*** Opening PROVIDED RECORDS ***
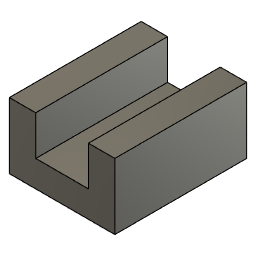
Test Bench Assembly v2 (Autodesk Fusion 360 archive; units mm, degrees)
design "Connerctor"
Autodesk Fusion 360 part; units mm, degrees
sketch "Sketch1" plane through (0, 0, 0) normal (0, 1, 0) x (1, 0, 0)
  line L0 (0, 0) -> (8, 0)
  line L1 (8, 0) -> (8, 10)
  line L2 (8, 10) -> (0, 10)
  line L3 (0, 10) -> (0, 0)
  dimension "d1" = 8
  dimension "d2" = 10
  constraint horizontal L0
  constraint vertical L1
  constraint horizontal L2
  constraint vertical L3
  constraint coincident L0.start L3.end
  measures "d1" distance of L0.start L0.end
  measures "d2" distance of L0.start L2.end
extrude "Extrude1" add sketch "Sketch1" along normal blind 2
sketch "Sketch3" plane through (0, 2, 0) normal (0, 1, 0) x (-1, 0, 0)
  line L0 (0, -10) -> (0, 0)
  line L1 (0, 0) -> (-8, 0)
  line L2 (-8, 0) -> (-8, -10)
  line L3 (-8, -10) -> (0, -10)
  line L4 (0, 0) -> (-2, 0)
  line L5 (-2, 0) -> (-2, -10)
  line L6 (-2, -10) -> (0, -10)
  line L7 (0, -10) -> (0, 0)
  line L8 (-8, 0) -> (-6, 0)
  line L9 (-6, 0) -> (-6, -10)
  line L10 (-6, -10) -> (-8, -10)
  line L11 (-8, -10) -> (-8, 0)
  dimension "d5" = 2
  dimension "d6" = 2
  constraint horizontal L4
  constraint vertical L5
  constraint horizontal L6
  constraint vertical L7
  constraint coincident L3 L5.end
  constraint coincident L0.end L1.start
  constraint horizontal L8
  constraint vertical L9
  constraint horizontal L10
  constraint vertical L11
  constraint coincident L3 L9.end
  constraint coincident L1.end L2.start
  measures "d5" distance of L0.end L4.end
  measures "d6" distance of L1.end L8.end
extrude "Extrude2" add sketch "Sketch3" along normal blind 3 contours L0 L1 L3 L4 L5 L6 L7 | L1 L2 L3 L8 L9 L10 L11

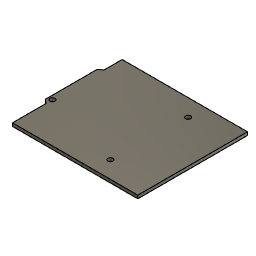
design "Nucleo-L476RG Board"
Autodesk Fusion 360 part; units mm, degrees
sketch "Sketch1" plane through (0, 0, 0) normal (0, 1, 0) x (1, 0, 0)
  line L0 (0, 0) -> (82.5, 0)
  line L1 (82.5, 0) -> (82.5, -70)
  line L2 (82.5, -70) -> (0, -70)
  line L3 (0, -70) -> (0, 0)
  line L4 (2.54, -70) -> (2.54, -48.5)
  line L5 (2.54, -48.5) -> (0, -46.5)
  line L6 (2.54, 0) -> (2.54, -11.5)
  line L7 (2.54, -11.5) -> (0, -13.5)
  dimension "d1" = 82.5
  dimension "d2" = 70
  dimension "d3" = 33
  dimension "d4" = 11.5
  dimension "d5" = 2.54
  dimension "d6" = 2.54
  dimension "d7" = 21.5
  dimension "d8" = 2
  constraint horizontal L0
  constraint vertical L1
  constraint horizontal L2
  constraint vertical L3
  constraint coincident L0.start L3.end
  constraint coincident L2 L4.start
  constraint perpendicular L2 L4
  constraint coincident L3 L5.end
  constraint coincident L0 L6.start
  constraint perpendicular L0 L6
  constraint coincident L3 L7.end
  measures "d1" distance of L1.end L2.end
  measures "d2" distance of L0.start L2.end
  measures "d3" distance of L5.end L7.end
  measures "d4" distance of L6.start L6.end
  measures "d5" distance of L3 L4
  measures "d6" distance of L3 L6
  measures "d7" distance of L4.start L4.end
  measures "d8" vertical distance of L4.end L5.end
extrude "Extrude1" add sketch "Sketch1" along normal blind 2 contours L0 L1 L2 L3 L4 L5 L6 L7
sketch "Sketch2" plane through (0, 2, 0) normal (0, 1, 0) x (-1, 0, 0)
  line L0 (-2.54, 0) -> (-2.54, 11.5)
  line L1 (-2.54, 11.5) -> (0, 13.5)
  line L2 (0, 13.5) -> (0, 46.5)
  line L3 (0, 46.5) -> (-2.54, 48.5)
  line L4 (-2.54, 48.5) -> (-2.54, 70)
  line L5 (-2.54, 70) -> (-82.5, 70)
  line L6 (-82.5, 70) -> (-82.5, 0)
  line L7 (-82.5, 0) -> (-2.54, 0)
  circle A0 centre (-2.54, 44.5) radius 1.6
  circle A1 centre (-54.14, 59.13) radius 1.6
  circle A2 centre (-55.54, 10.87) radius 1.6
  dimension "d11" = 3.2
  dimension "d12" = 2.54
  dimension "d13" = 33
  dimension "d14" = 3.2
  dimension "d15" = 3.2
  dimension "d17" = 10.87
  dimension "d20" = 53
  dimension "d21" = 51.6
  dimension "d22" = 48.26
  measures "d11" diameter of A0
  measures "d12" distance of L2 A0.centre
  measures "d13" distance of L0.end A0.centre
  measures "d14" diameter of A2
  measures "d15" diameter of A1
  measures "d17" distance of L7 A2.centre
  measures "d20" distance of L0 A2.centre
  measures "d21" distance of L4 A1.centre
  measures "d22" vertical distance of A1.centre A2.centre
extrude "Extrude2" cut sketch "Sketch2" against normal blind 2 contours A0 | A1 | A2

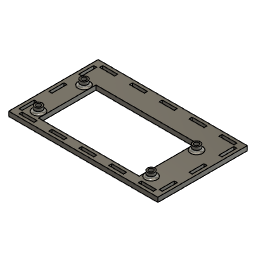
design "Modular Test Bench - LCD"
Autodesk Fusion 360 part; units mm, degrees
sketch "Sketch1" plane through (0, 0, 0) normal (0, 1, 0) x (1, 0, 0)
  line L0 (0, 0) -> (100, 0)
  line L1 (100, 0) -> (100, 60)
  line L2 (100, 60) -> (0, 60)
  line L3 (0, 60) -> (0, 0)
  dimension "d1" = 100
  dimension "d2" = 60
  constraint horizontal L0
  constraint vertical L1
  constraint horizontal L2
  constraint vertical L3
  constraint coincident L0.start L3.end
  measures "d1" distance of L0.start L0.end
  measures "d2" distance of L0.start L2.end
extrude "Extrude1" add sketch "Sketch1" along normal blind 3
sketch "Sketch2" plane through (0, 3, 0) normal (0, 1, 0) x (-1, 0, 0)
  line L0 (0, -60) -> (0, 0)
  line L1 (0, 0) -> (-100, 0)
  line L2 (-100, 0) -> (-100, -60)
  line L3 (-100, -60) -> (0, -60)
  line L4 (-5, -2) -> (-15, -2)
  line L5 (-15, -2) -> (-15, -4)
  line L6 (-15, -4) -> (-5, -4)
  line L7 (-5, -4) -> (-5, -2)
  line L8 (-25, -2) -> (-35, -2)
  line L9 (-35, -2) -> (-35, -4)
  line L10 (-35, -4) -> (-25, -4)
  line L11 (-25, -4) -> (-25, -2)
  line L12 (-45, -2) -> (-55, -2)
  line L13 (-55, -2) -> (-55, -4)
  line L14 (-55, -4) -> (-45, -4)
  line L15 (-45, -4) -> (-45, -2)
  line L16 (-65, -2) -> (-75, -2)
  line L17 (-75, -2) -> (-75, -4)
  line L18 (-75, -4) -> (-65, -4)
  line L19 (-65, -4) -> (-65, -2)
  line L20 (-5, -56) -> (-15, -56)
  line L21 (-15, -56) -> (-15, -58)
  line L22 (-15, -58) -> (-5, -58)
  line L23 (-5, -58) -> (-5, -56)
  line L24 (-25, -56) -> (-35, -56)
  line L25 (-35, -56) -> (-35, -58)
  line L26 (-35, -58) -> (-25, -58)
  line L27 (-25, -58) -> (-25, -56)
  line L28 (-45, -56) -> (-55, -56)
  line L29 (-55, -56) -> (-55, -58)
  line L30 (-55, -58) -> (-45, -58)
  line L31 (-45, -58) -> (-45, -56)
  line L32 (-65, -56) -> (-75, -56)
  line L33 (-75, -56) -> (-75, -58)
  line L34 (-75, -58) -> (-65, -58)
  line L35 (-65, -58) -> (-65, -56)
  line L36 (-4, -5) -> (-2, -5)
  line L37 (-2, -5) -> (-2, -15)
  line L38 (-2, -15) -> (-4, -15)
  line L39 (-4, -15) -> (-4, -5)
  line L40 (-98, -15) -> (-98, -5)
  line L41 (-98, -5) -> (-96, -5)
  line L42 (-96, -5) -> (-96, -15)
  line L43 (-96, -15) -> (-98, -15)
  line L44 (-4, -35) -> (-4, -25)
  line L45 (-4, -25) -> (-2, -25)
  line L46 (-2, -25) -> (-2, -35)
  line L47 (-2, -35) -> (-4, -35)
  line L48 (-98, -35) -> (-98, -25)
  line L49 (-98, -25) -> (-96, -25)
  line L50 (-96, -25) -> (-96, -35)
  line L51 (-96, -35) -> (-98, -35)
  line L52 (-85, -2) -> (-95, -2)
  line L53 (-95, -2) -> (-95, -4)
  line L54 (-95, -4) -> (-85, -4)
  line L55 (-85, -4) -> (-85, -2)
  line L56 (-85, -56) -> (-95, -56)
  line L57 (-95, -56) -> (-95, -58)
  line L58 (-95, -58) -> (-85, -58)
  line L59 (-85, -58) -> (-85, -56)
  line L60 (-4, -55) -> (-4, -45)
  line L61 (-4, -45) -> (-2, -45)
  line L62 (-2, -45) -> (-2, -55)
  line L63 (-2, -55) -> (-4, -55)
  line L64 (-98, -55) -> (-98, -45)
  line L65 (-98, -45) -> (-96, -45)
  line L66 (-96, -45) -> (-96, -55)
  line L67 (-96, -55) -> (-98, -55)
  dimension "d5" = 2
  dimension "d6" = 5
  dimension "d7" = 10
  dimension "d8" = 2
  dimension "d11" = -20
  dimension "d12" = -54
  dimension "d13" = 2
  dimension "d14" = 2
  dimension "d15" = 5
  dimension "d16" = 10
  dimension "d19" = -94
  dimension "d20" = -20
  constraint horizontal L4
  constraint vertical L5
  constraint horizontal L6
  constraint vertical L7
  constraint horizontal L36
  constraint vertical L37
  constraint horizontal L38
  constraint vertical L39
  measures "d5" distance of L1 L4
  measures "d6" distance of L0 L7
  measures "d7" distance of L4.start L4.end
  measures "d8" distance of L4.start L6.end
  measures "d13" distance of L36.start L36.end
  measures "d14" distance of L0 L37
  measures "d15" distance of L1 L36
  measures "d16" distance of L36.start L38.end
extrude "Extrude2" cut sketch "Sketch2" against normal blind 3 contours L4 L5 L6 L7 | L8 L9 L10 L11 | L12 L13 L14 L15 | L16 L17 L18 L19 | L20 L21 L22 L23 | L24 L25 L26 L27 | L28 L29 L30 L31 | L32 L33 L34 L35 | L36 L37 L38 L39 | L40 L41 L42 L43 | L44 L45 L46 L47 | L48 L49 L50 L51 | L52 L53 L54 L55 | L56 L57 L58 L59 | L60 L61 L62 L63 | L64 L65 L66 L67
sketch "Sketch3" plane through (0, 3, 0) normal (0, 1, 0) x (-1, 0, 0)
  line L0 (-4, -25) -> (-2, -25)
  line L1 (-2, -25) -> (-2, -35)
  line L2 (-2, -35) -> (-4, -35)
  line L3 (-4, -35) -> (-4, -25)
  line L4 (-75, -2) -> (-65, -2)
  line L5 (-65, -2) -> (-65, -4)
  line L6 (-65, -4) -> (-75, -4)
  line L7 (-75, -4) -> (-75, -2)
  line L8 (-55, -2) -> (-45, -2)
  line L9 (-45, -2) -> (-45, -4)
  line L10 (-45, -4) -> (-55, -4)
  line L11 (-55, -4) -> (-55, -2)
  line L12 (-2, -5) -> (-2, -15)
  line L13 (-2, -15) -> (-4, -15)
  line L14 (-4, -15) -> (-4, -5)
  line L15 (-4, -5) -> (-2, -5)
  line L16 (-15, -56) -> (-5, -56)
  line L17 (-5, -56) -> (-5, -58)
  line L18 (-5, -58) -> (-15, -58)
  line L19 (-15, -58) -> (-15, -56)
  line L20 (-55, -56) -> (-45, -56)
  line L21 (-45, -56) -> (-45, -58)
  line L22 (-45, -58) -> (-55, -58)
  line L23 (-55, -58) -> (-55, -56)
  line L24 (-75, -56) -> (-65, -56)
  line L25 (-65, -56) -> (-65, -58)
  line L26 (-65, -58) -> (-75, -58)
  line L27 (-75, -58) -> (-75, -56)
  line L28 (-15, -2) -> (-5, -2)
  line L29 (-5, -2) -> (-5, -4)
  line L30 (-5, -4) -> (-15, -4)
  line L31 (-15, -4) -> (-15, -2)
  line L32 (-35, -56) -> (-25, -56)
  line L33 (-25, -56) -> (-25, -58)
  line L34 (-25, -58) -> (-35, -58)
  line L35 (-35, -58) -> (-35, -56)
  line L36 (-98, -25) -> (-96, -25)
  line L37 (-96, -25) -> (-96, -35)
  line L38 (-96, -35) -> (-98, -35)
  line L39 (-98, -35) -> (-98, -25)
  line L40 (-35, -2) -> (-25, -2)
  line L41 (-25, -2) -> (-25, -4)
  line L42 (-25, -4) -> (-35, -4)
  line L43 (-35, -4) -> (-35, -2)
  line L44 (-98, -5) -> (-96, -5)
  line L45 (-96, -5) -> (-96, -15)
  line L46 (-96, -15) -> (-98, -15)
  line L47 (-98, -15) -> (-98, -5)
  line L48 (0, -60) -> (0, 0)
  line L49 (0, 0) -> (-100, 0)
  line L50 (-100, 0) -> (-100, -60)
  line L51 (-100, -60) -> (0, -60)
  circle A0 centre (-10, -10) radius 1.5
  circle A1 centre (-85.5, -10) radius 1.5
  line L52 (-95, -56) -> (-85, -56)
  line L53 (-85, -56) -> (-85, -58)
  line L54 (-85, -58) -> (-95, -58)
  line L55 (-95, -58) -> (-95, -56)
  line L56 (-95, -2) -> (-85, -2)
  line L57 (-85, -2) -> (-85, -4)
  line L58 (-85, -4) -> (-95, -4)
  line L59 (-95, -4) -> (-95, -2)
  circle A2 centre (-10, -40.5) radius 1.5
  circle A3 centre (-85.5, -40.5) radius 1.5
  line L60 (-4, -45) -> (-2, -45)
  line L61 (-2, -45) -> (-2, -55)
  line L62 (-2, -55) -> (-4, -55)
  line L63 (-4, -55) -> (-4, -45)
  line L64 (-98, -45) -> (-96, -45)
  line L65 (-96, -45) -> (-96, -55)
  line L66 (-96, -55) -> (-98, -55)
  line L67 (-98, -55) -> (-98, -45)
  dimension "d23" = 75.5
  dimension "d24" = 30.5
  dimension "d25" = 10
  dimension "d26" = 10
  dimension "d27" = 3
  dimension "d28" = 3
  dimension "d29" = 3
  dimension "d30" = 3
  constraint vertical A0.centre A2.centre
  constraint horizontal A0.centre A1.centre
  constraint horizontal A2.centre A3.centre
  constraint vertical A1.centre A3.centre
  measures "d23" horizontal distance of A0.centre A1.centre
  measures "d24" distance of A0.centre A2.centre
  measures "d25" distance of L49 A0.centre
  measures "d26" distance of L48 A0.centre
  measures "d27" diameter of A0
  measures "d28" diameter of A1
  measures "d29" diameter of A2
  measures "d30" diameter of A3
extrude "Extrude3" cut sketch "Sketch3" against normal blind 3 contours A0 | A1 | A2 | A3
sketch "Sketch4" plane through (0, 3, 0) normal (0, 1, 0) x (-1, 0, 0)
  circle A0 centre (-10, -40.5) radius 1.5
  circle A1 centre (-85.5, -40.5) radius 1.5
  circle A2 centre (-10, -10) radius 1.5
  circle A3 centre (-85.5, -10) radius 1.5
  line L0 (-95, -2) -> (-85, -2)
  line L1 (-85, -2) -> (-85, -4)
  line L2 (-85, -4) -> (-95, -4)
  line L3 (-95, -4) -> (-95, -2)
  line L4 (-4, -25) -> (-2, -25)
  line L5 (-2, -25) -> (-2, -35)
  line L6 (-2, -35) -> (-4, -35)
  line L7 (-4, -35) -> (-4, -25)
  line L8 (-75, -2) -> (-65, -2)
  line L9 (-65, -2) -> (-65, -4)
  line L10 (-65, -4) -> (-75, -4)
  line L11 (-75, -4) -> (-75, -2)
  line L12 (-55, -2) -> (-45, -2)
  line L13 (-45, -2) -> (-45, -4)
  line L14 (-45, -4) -> (-55, -4)
  line L15 (-55, -4) -> (-55, -2)
  line L16 (-2, -5) -> (-2, -15)
  line L17 (-2, -15) -> (-4, -15)
  line L18 (-4, -15) -> (-4, -5)
  line L19 (-4, -5) -> (-2, -5)
  line L20 (-15, -56) -> (-5, -56)
  line L21 (-5, -56) -> (-5, -58)
  line L22 (-5, -58) -> (-15, -58)
  line L23 (-15, -58) -> (-15, -56)
  line L24 (-55, -56) -> (-45, -56)
  line L25 (-45, -56) -> (-45, -58)
  line L26 (-45, -58) -> (-55, -58)
  line L27 (-55, -58) -> (-55, -56)
  line L28 (-4, -45) -> (-2, -45)
  line L29 (-2, -45) -> (-2, -55)
  line L30 (-2, -55) -> (-4, -55)
  line L31 (-4, -55) -> (-4, -45)
  line L32 (-95, -56) -> (-85, -56)
  line L33 (-85, -56) -> (-85, -58)
  line L34 (-85, -58) -> (-95, -58)
  line L35 (-95, -58) -> (-95, -56)
  line L36 (-75, -56) -> (-65, -56)
  line L37 (-65, -56) -> (-65, -58)
  line L38 (-65, -58) -> (-75, -58)
  line L39 (-75, -58) -> (-75, -56)
  line L40 (-15, -2) -> (-5, -2)
  line L41 (-5, -2) -> (-5, -4)
  line L42 (-5, -4) -> (-15, -4)
  line L43 (-15, -4) -> (-15, -2)
  line L44 (-35, -56) -> (-25, -56)
  line L45 (-25, -56) -> (-25, -58)
  line L46 (-25, -58) -> (-35, -58)
  line L47 (-35, -58) -> (-35, -56)
  line L48 (-98, -25) -> (-96, -25)
  line L49 (-96, -25) -> (-96, -35)
  line L50 (-96, -35) -> (-98, -35)
  line L51 (-98, -35) -> (-98, -25)
  line L52 (-35, -2) -> (-25, -2)
  line L53 (-25, -2) -> (-25, -4)
  line L54 (-25, -4) -> (-35, -4)
  line L55 (-35, -4) -> (-35, -2)
  line L56 (-98, -5) -> (-96, -5)
  line L57 (-96, -5) -> (-96, -15)
  line L58 (-96, -15) -> (-98, -15)
  line L59 (-98, -15) -> (-98, -5)
  line L60 (-98, -45) -> (-96, -45)
  line L61 (-96, -45) -> (-96, -55)
  line L62 (-96, -55) -> (-98, -55)
  line L63 (-98, -55) -> (-98, -45)
  line L64 (0, -60) -> (0, 0)
  line L65 (0, 0) -> (-100, 0)
  line L66 (-100, 0) -> (-100, -60)
  line L67 (-100, -60) -> (0, -60)
  circle A4 centre (-10, -10) radius 2.5
  circle A5 centre (-10, -40.5) radius 2.5
  circle A6 centre (-85.5, -40.5) radius 2.5
  circle A7 centre (-85.5, -10) radius 2.5
  dimension "d33" = 5
  dimension "d34" = 5
  dimension "d35" = 5
  dimension "d36" = 5
  constraint concentric A2 A4
  constraint concentric A0 A5
  constraint concentric A1 A6
  constraint concentric A3 A7
  measures "d33" diameter of A7
  measures "d34" diameter of A6
  measures "d35" diameter of A5
  measures "d36" diameter of A4
extrude "Extrude4" add sketch "Sketch4" along normal blind 3.5 contours A4 | A5 | A6 | A7
sketch "Sketch5" plane through (0, 3, 0) normal (0, 1, 0) x (-1, 0, 0)
  circle A0 centre (-85.5, -10) radius 2.5
  circle A1 centre (-10, -40.5) radius 2.5
  circle A2 centre (-85.5, -40.5) radius 2.5
  circle A3 centre (-10, -10) radius 2.5
  line L0 (-95, -2) -> (-85, -2)
  line L1 (-85, -2) -> (-85, -4)
  line L2 (-85, -4) -> (-95, -4)
  line L3 (-95, -4) -> (-95, -2)
  line L4 (-4, -25) -> (-2, -25)
  line L5 (-2, -25) -> (-2, -35)
  line L6 (-2, -35) -> (-4, -35)
  line L7 (-4, -35) -> (-4, -25)
  line L8 (-75, -2) -> (-65, -2)
  line L9 (-65, -2) -> (-65, -4)
  line L10 (-65, -4) -> (-75, -4)
  line L11 (-75, -4) -> (-75, -2)
  line L12 (-55, -2) -> (-45, -2)
  line L13 (-45, -2) -> (-45, -4)
  line L14 (-45, -4) -> (-55, -4)
  line L15 (-55, -4) -> (-55, -2)
  line L16 (-2, -5) -> (-2, -15)
  line L17 (-2, -15) -> (-4, -15)
  line L18 (-4, -15) -> (-4, -5)
  line L19 (-4, -5) -> (-2, -5)
  line L20 (-15, -56) -> (-5, -56)
  line L21 (-5, -56) -> (-5, -58)
  line L22 (-5, -58) -> (-15, -58)
  line L23 (-15, -58) -> (-15, -56)
  line L24 (-55, -56) -> (-45, -56)
  line L25 (-45, -56) -> (-45, -58)
  line L26 (-45, -58) -> (-55, -58)
  line L27 (-55, -58) -> (-55, -56)
  line L28 (-4, -45) -> (-2, -45)
  line L29 (-2, -45) -> (-2, -55)
  line L30 (-2, -55) -> (-4, -55)
  line L31 (-4, -55) -> (-4, -45)
  line L32 (-95, -56) -> (-85, -56)
  line L33 (-85, -56) -> (-85, -58)
  line L34 (-85, -58) -> (-95, -58)
  line L35 (-95, -58) -> (-95, -56)
  line L36 (-75, -56) -> (-65, -56)
  line L37 (-65, -56) -> (-65, -58)
  line L38 (-65, -58) -> (-75, -58)
  line L39 (-75, -58) -> (-75, -56)
  line L40 (-15, -2) -> (-5, -2)
  line L41 (-5, -2) -> (-5, -4)
  line L42 (-5, -4) -> (-15, -4)
  line L43 (-15, -4) -> (-15, -2)
  line L44 (-35, -56) -> (-25, -56)
  line L45 (-25, -56) -> (-25, -58)
  line L46 (-25, -58) -> (-35, -58)
  line L47 (-35, -58) -> (-35, -56)
  line L48 (-98, -25) -> (-96, -25)
  line L49 (-96, -25) -> (-96, -35)
  line L50 (-96, -35) -> (-98, -35)
  line L51 (-98, -35) -> (-98, -25)
  line L52 (-35, -2) -> (-25, -2)
  line L53 (-25, -2) -> (-25, -4)
  line L54 (-25, -4) -> (-35, -4)
  line L55 (-35, -4) -> (-35, -2)
  line L56 (-98, -5) -> (-96, -5)
  line L57 (-96, -5) -> (-96, -15)
  line L58 (-96, -15) -> (-98, -15)
  line L59 (-98, -15) -> (-98, -5)
  line L60 (-98, -45) -> (-96, -45)
  line L61 (-96, -45) -> (-96, -55)
  line L62 (-96, -55) -> (-98, -55)
  line L63 (-98, -55) -> (-98, -45)
  line L64 (0, -60) -> (0, 0)
  line L65 (0, 0) -> (-100, 0)
  line L66 (-100, 0) -> (-100, -60)
  line L67 (-100, -60) -> (0, -60)
  line L68 (-81.5, -6) -> (-14, -6)
  line L69 (-14, -6) -> (-14, -44.5)
  line L70 (-14, -44.5) -> (-81.5, -44.5)
  line L71 (-81.5, -44.5) -> (-81.5, -6)
  dimension "d39" = 4
  dimension "d40" = 6
  dimension "d42" = 15.5
  dimension "d43" = 4
  constraint horizontal L68
  constraint vertical L69
  constraint horizontal L70
  constraint vertical L71
  measures "d39" distance of A0.centre L71
  measures "d40" distance of L65 L68
  measures "d42" distance of L67 L70
  measures "d43" distance of A3.centre L69
extrude "Extrude5" cut sketch "Sketch5" against normal blind 3 contours L68 L69 L70 L71
fillet "Fillet1" radius 1.5 4 edges at (12.3308, 3, -9.096) (12.3308, 3, -39.596) (87.8308, 3, -39.596) (87.8308, 3, -9.096)
*** Closing PROVIDED RECORDS ***
# DIRECTIONS:
In the entries above, the lines between the one holding "line L33 (-25, -56) -> (-25, -58)" and the one holding "line L58 (-85, -4) -> (-95, -4)", inclusive, are to be printed exactly as written, and those alone.

# YOUR SOLUTION:
  line L33 (-25, -56) -> (-25, -58)
  line L34 (-25, -58) -> (-35, -58)
  line L35 (-35, -58) -> (-35, -56)
  line L36 (-98, -25) -> (-96, -25)
  line L37 (-96, -25) -> (-96, -35)
  line L38 (-96, -35) -> (-98, -35)
  line L39 (-98, -35) -> (-98, -25)
  line L40 (-35, -2) -> (-25, -2)
  line L41 (-25, -2) -> (-25, -4)
  line L42 (-25, -4) -> (-35, -4)
  line L43 (-35, -4) -> (-35, -2)
  line L44 (-98, -5) -> (-96, -5)
  line L45 (-96, -5) -> (-96, -15)
  line L46 (-96, -15) -> (-98, -15)
  line L47 (-98, -15) -> (-98, -5)
  line L48 (0, -60) -> (0, 0)
  line L49 (0, 0) -> (-100, 0)
  line L50 (-100, 0) -> (-100, -60)
  line L51 (-100, -60) -> (0, -60)
  circle A0 centre (-10, -10) radius 1.5
  circle A1 centre (-85.5, -10) radius 1.5
  line L52 (-95, -56) -> (-85, -56)
  line L53 (-85, -56) -> (-85, -58)
  line L54 (-85, -58) -> (-95, -58)
  line L55 (-95, -58) -> (-95, -56)
  line L56 (-95, -2) -> (-85, -2)
  line L57 (-85, -2) -> (-85, -4)
  line L58 (-85, -4) -> (-95, -4)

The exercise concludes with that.